__EXERCISE DIRECTIONS__. All lines with the word "picture" in the material below are required.

__RAW DATA__.
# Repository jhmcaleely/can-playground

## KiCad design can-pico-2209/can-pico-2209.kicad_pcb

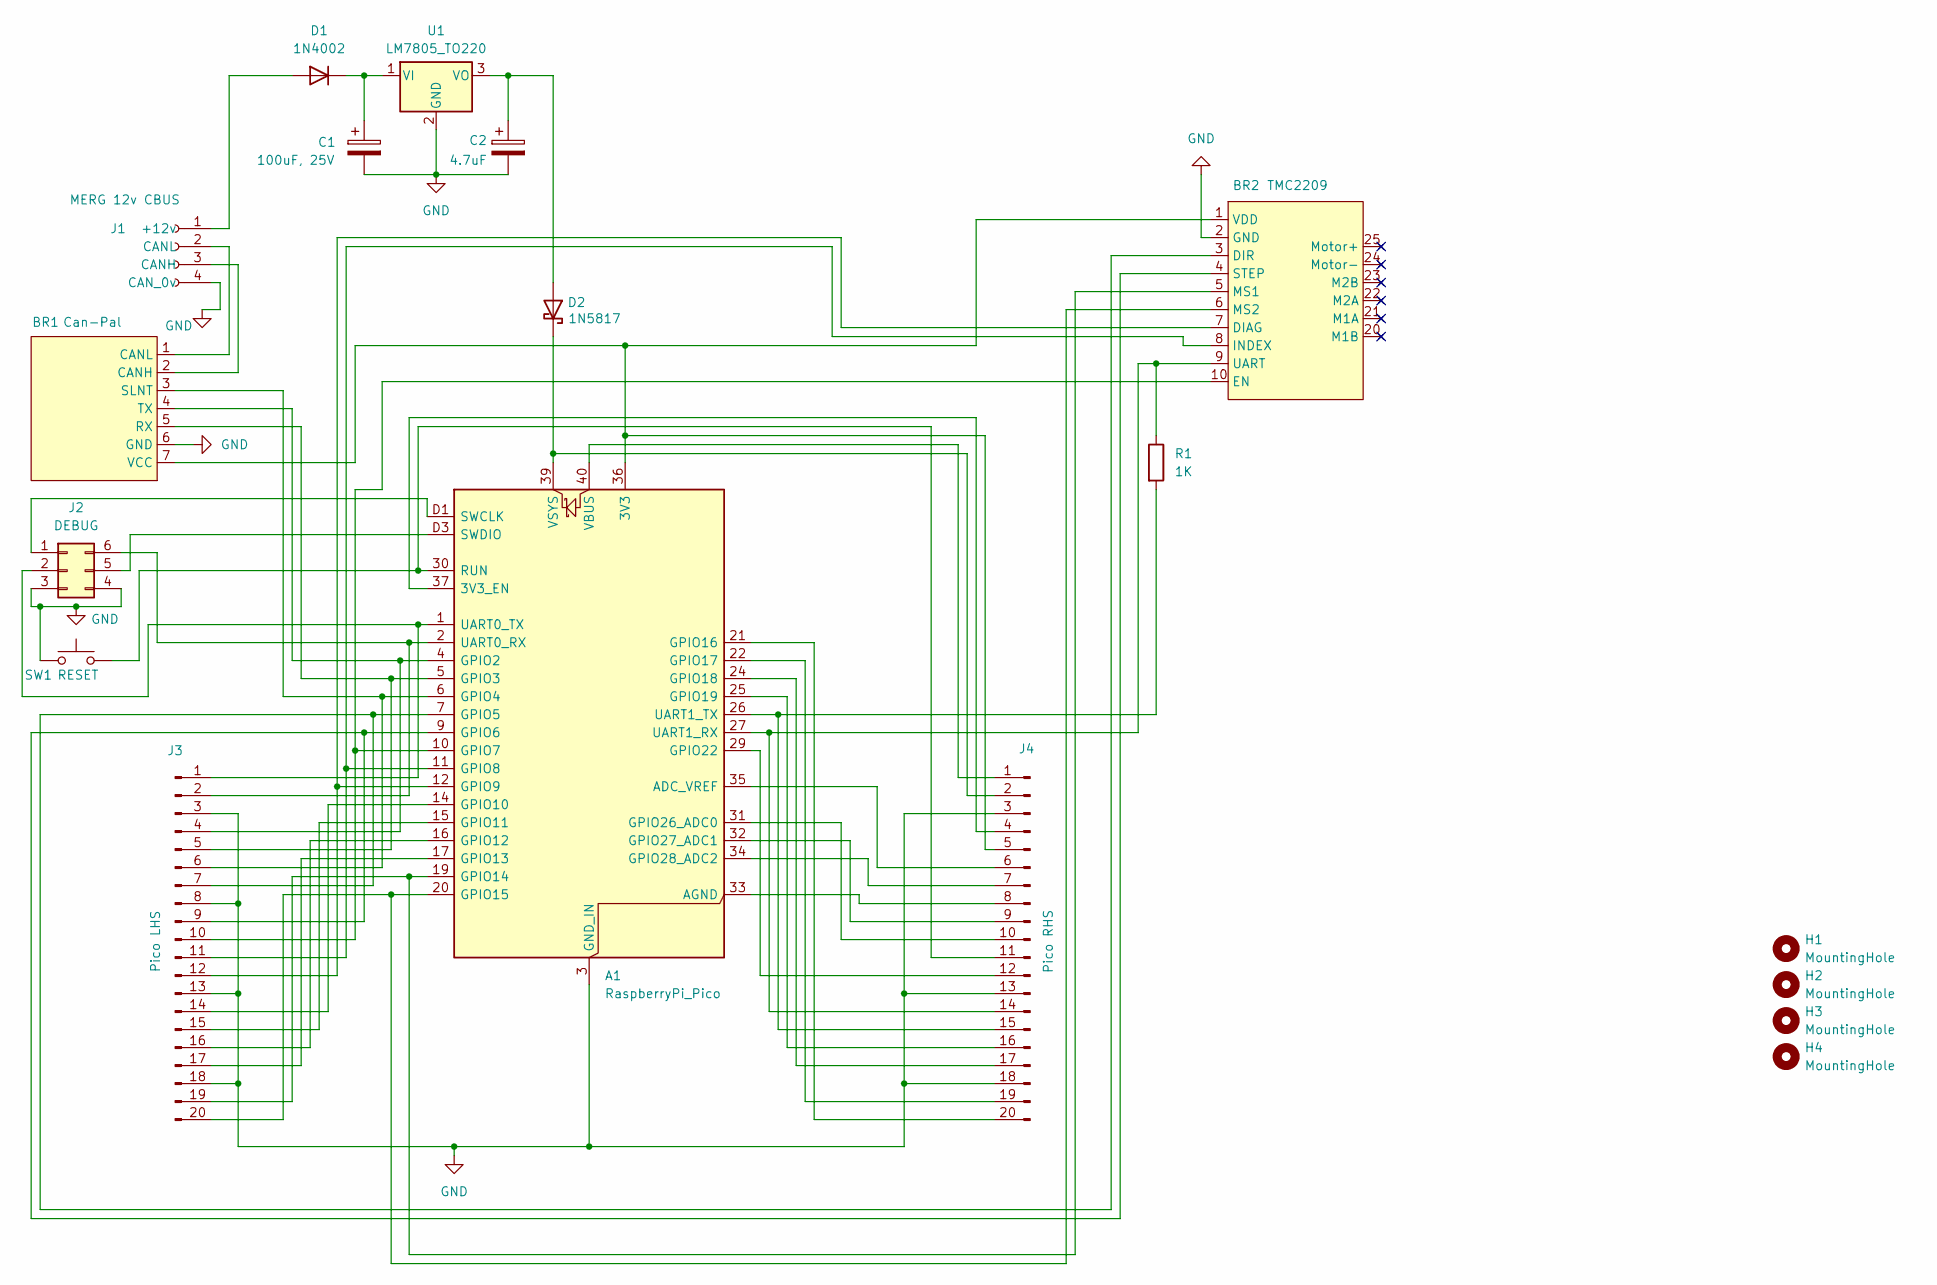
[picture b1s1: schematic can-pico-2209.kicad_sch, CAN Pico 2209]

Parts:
A1: RaspberryPi_Pico; RaspberryPi_Pico_SMD_HandSolder
BR1: Can-Pal; CAN-Pal
BR2: TMC2209; Adafruit 2209
C1: 100uF, 25V; CP_Radial_D4.0mm_P2.00mm
C2: 4.7uF; CP_Radial_Tantal_D4.5mm_P2.50mm
D1: 1N4002; D_DO-41_SOD81_P10.16mm_Horizontal
D2: 1N5817; D_DO-41_SOD81_P10.16mm_Horizontal
H1, H2, H3, H4: MountingHole; MountingHole_3.2mm_M3_Pad
J1: MERG 12v CBUS; TerminalBlock_Phoenix_PT-1,5-4-3.5-H_1x04_P3.50mm_Horizontal
J2: DEBUG; PinHeader_2x03_P2.54mm_Vertical
J3: Pico LHS; PinHeader_1x20_P2.54mm_Vertical
J4: Pico RHS; PinHeader_1x20_P2.54mm_Vertical
R1: 1K; R_Axial_DIN0207_L6.3mm_D2.5mm_P10.16mm_Horizontal
SW1: RESET; SW_PUSH_6mm
U1: LM7805_TO220; TO-220-3_Vertical

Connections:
GND: A1.3 (GND_IN), A1.8 (GND), A1.13 (GND), A1.18 (GND), A1.23 (GND), A1.28 (GND), A1.38 (GND), A1.D2 (GND), BR1.6 (GND), BR2.2 (GND), C1.2, C2.2, J1.4 (CAN_0v), J2.3, J2.4, J3.3, J3.8, J3.13, J3.18, J4.3, J4.13, J4.18, SW1.1, U1.2 (GND)
unnamed: A1.36 (3V3), BR1.7 (VCC), BR2.1 (VDD), J4.5
unnamed: A1.37 (3V3_EN), J4.4
unnamed: A1.35 (ADC_VREF), J4.6
unnamed: A1.33 (AGND), J4.8
unnamed: A1.1 (UART0_TX), J2.2, J3.1
unnamed: A1.2 (UART0_RX), J2.6, J3.2
unnamed: A1.4 (GPIO2), BR1.4 (TX), J3.4
unnamed: A1.5 (GPIO3), BR1.5 (RX), J3.5
unnamed: A1.6 (GPIO4), BR1.3 (SLNT), J3.6
unnamed: A1.7 (GPIO5), BR2.3 (DIR), J3.7
unnamed: A1.9 (GPIO6), BR2.4 (STEP), J3.9
unnamed: A1.10 (GPIO7), BR2.10 (EN), J3.10
unnamed: A1.11 (GPIO8), BR2.8 (INDEX), J3.11
unnamed: A1.12 (GPIO9), BR2.7 (DIAG), J3.12
unnamed: A1.14 (GPIO10), J3.14
unnamed: A1.15 (GPIO11), J3.15
unnamed: A1.16 (GPIO12), J3.16
unnamed: A1.17 (GPIO13), J3.17
unnamed: A1.19 (GPIO14), BR2.5 (MS1), J3.19
unnamed: A1.20 (GPIO15), BR2.6 (MS2), J3.20
unnamed: A1.21 (GPIO16), J4.20
unnamed: A1.22 (GPIO17), J4.19
unnamed: A1.24 (GPIO18), J4.17
unnamed: A1.25 (GPIO19), J4.16
unnamed: A1.26 (UART1_TX), J4.15, R1.2
unnamed: A1.27 (UART1_RX), BR2.9 (UART), J4.14, R1.1
unnamed: A1.29 (GPIO22), J4.12
unnamed: A1.31 (GPIO26_ADC0), J4.10
unnamed: A1.32 (GPIO27_ADC1), J4.9
unnamed: A1.34 (GPIO28_ADC2), J4.7
unnamed: A1.30 (RUN), J4.11, SW1.2
unnamed: A1.D1 (SWCLK), J2.1
unnamed: A1.D3 (SWDIO), J2.5
unnamed: A1.40 (VBUS), J4.1 (VBUS)
unnamed: A1.39 (VSYS), D2.1 (K), J4.2
unnamed: BR1.2 (CANH), J1.3 (CANH)
unnamed: BR1.1 (CANL), J1.2 (CANL)
unnamed: D1.2 (A), J1.1 (+12v)
unnamed: C1.1, D1.1 (K), U1.1 (VI)
unnamed: C2.1, D2.2 (A), U1.3 (VO)

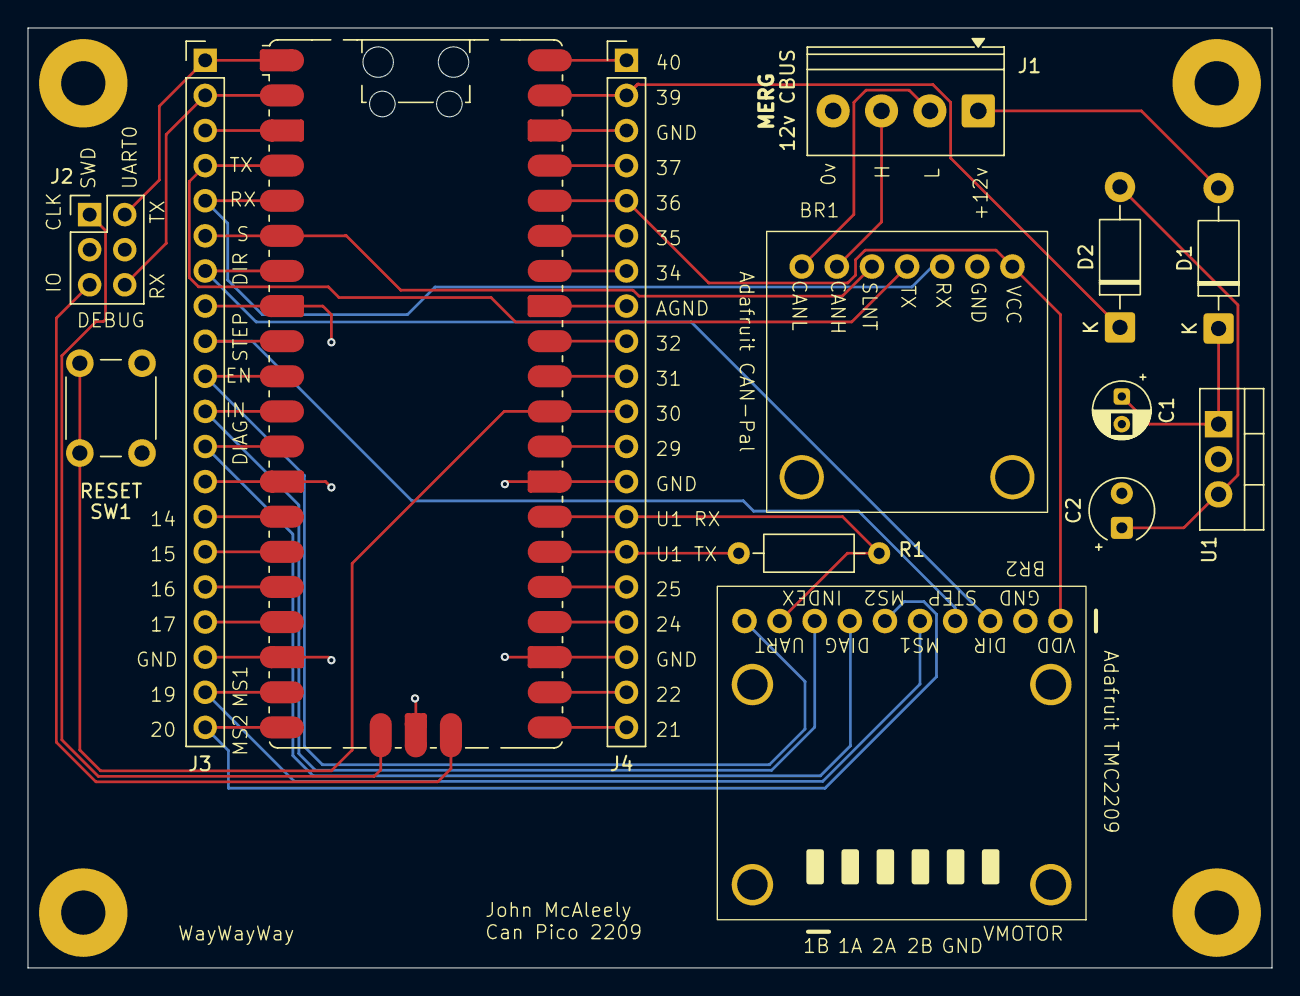
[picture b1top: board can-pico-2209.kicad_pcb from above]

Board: 2 copper layers, 90.0 x 68.0 mm, 18 parts (0 on the bottom side), 41 nets.

__RESPONSE BOX__.
[picture b1s1: schematic can-pico-2209.kicad_sch, CAN Pico 2209]
[picture b1top: board can-pico-2209.kicad_pcb from above]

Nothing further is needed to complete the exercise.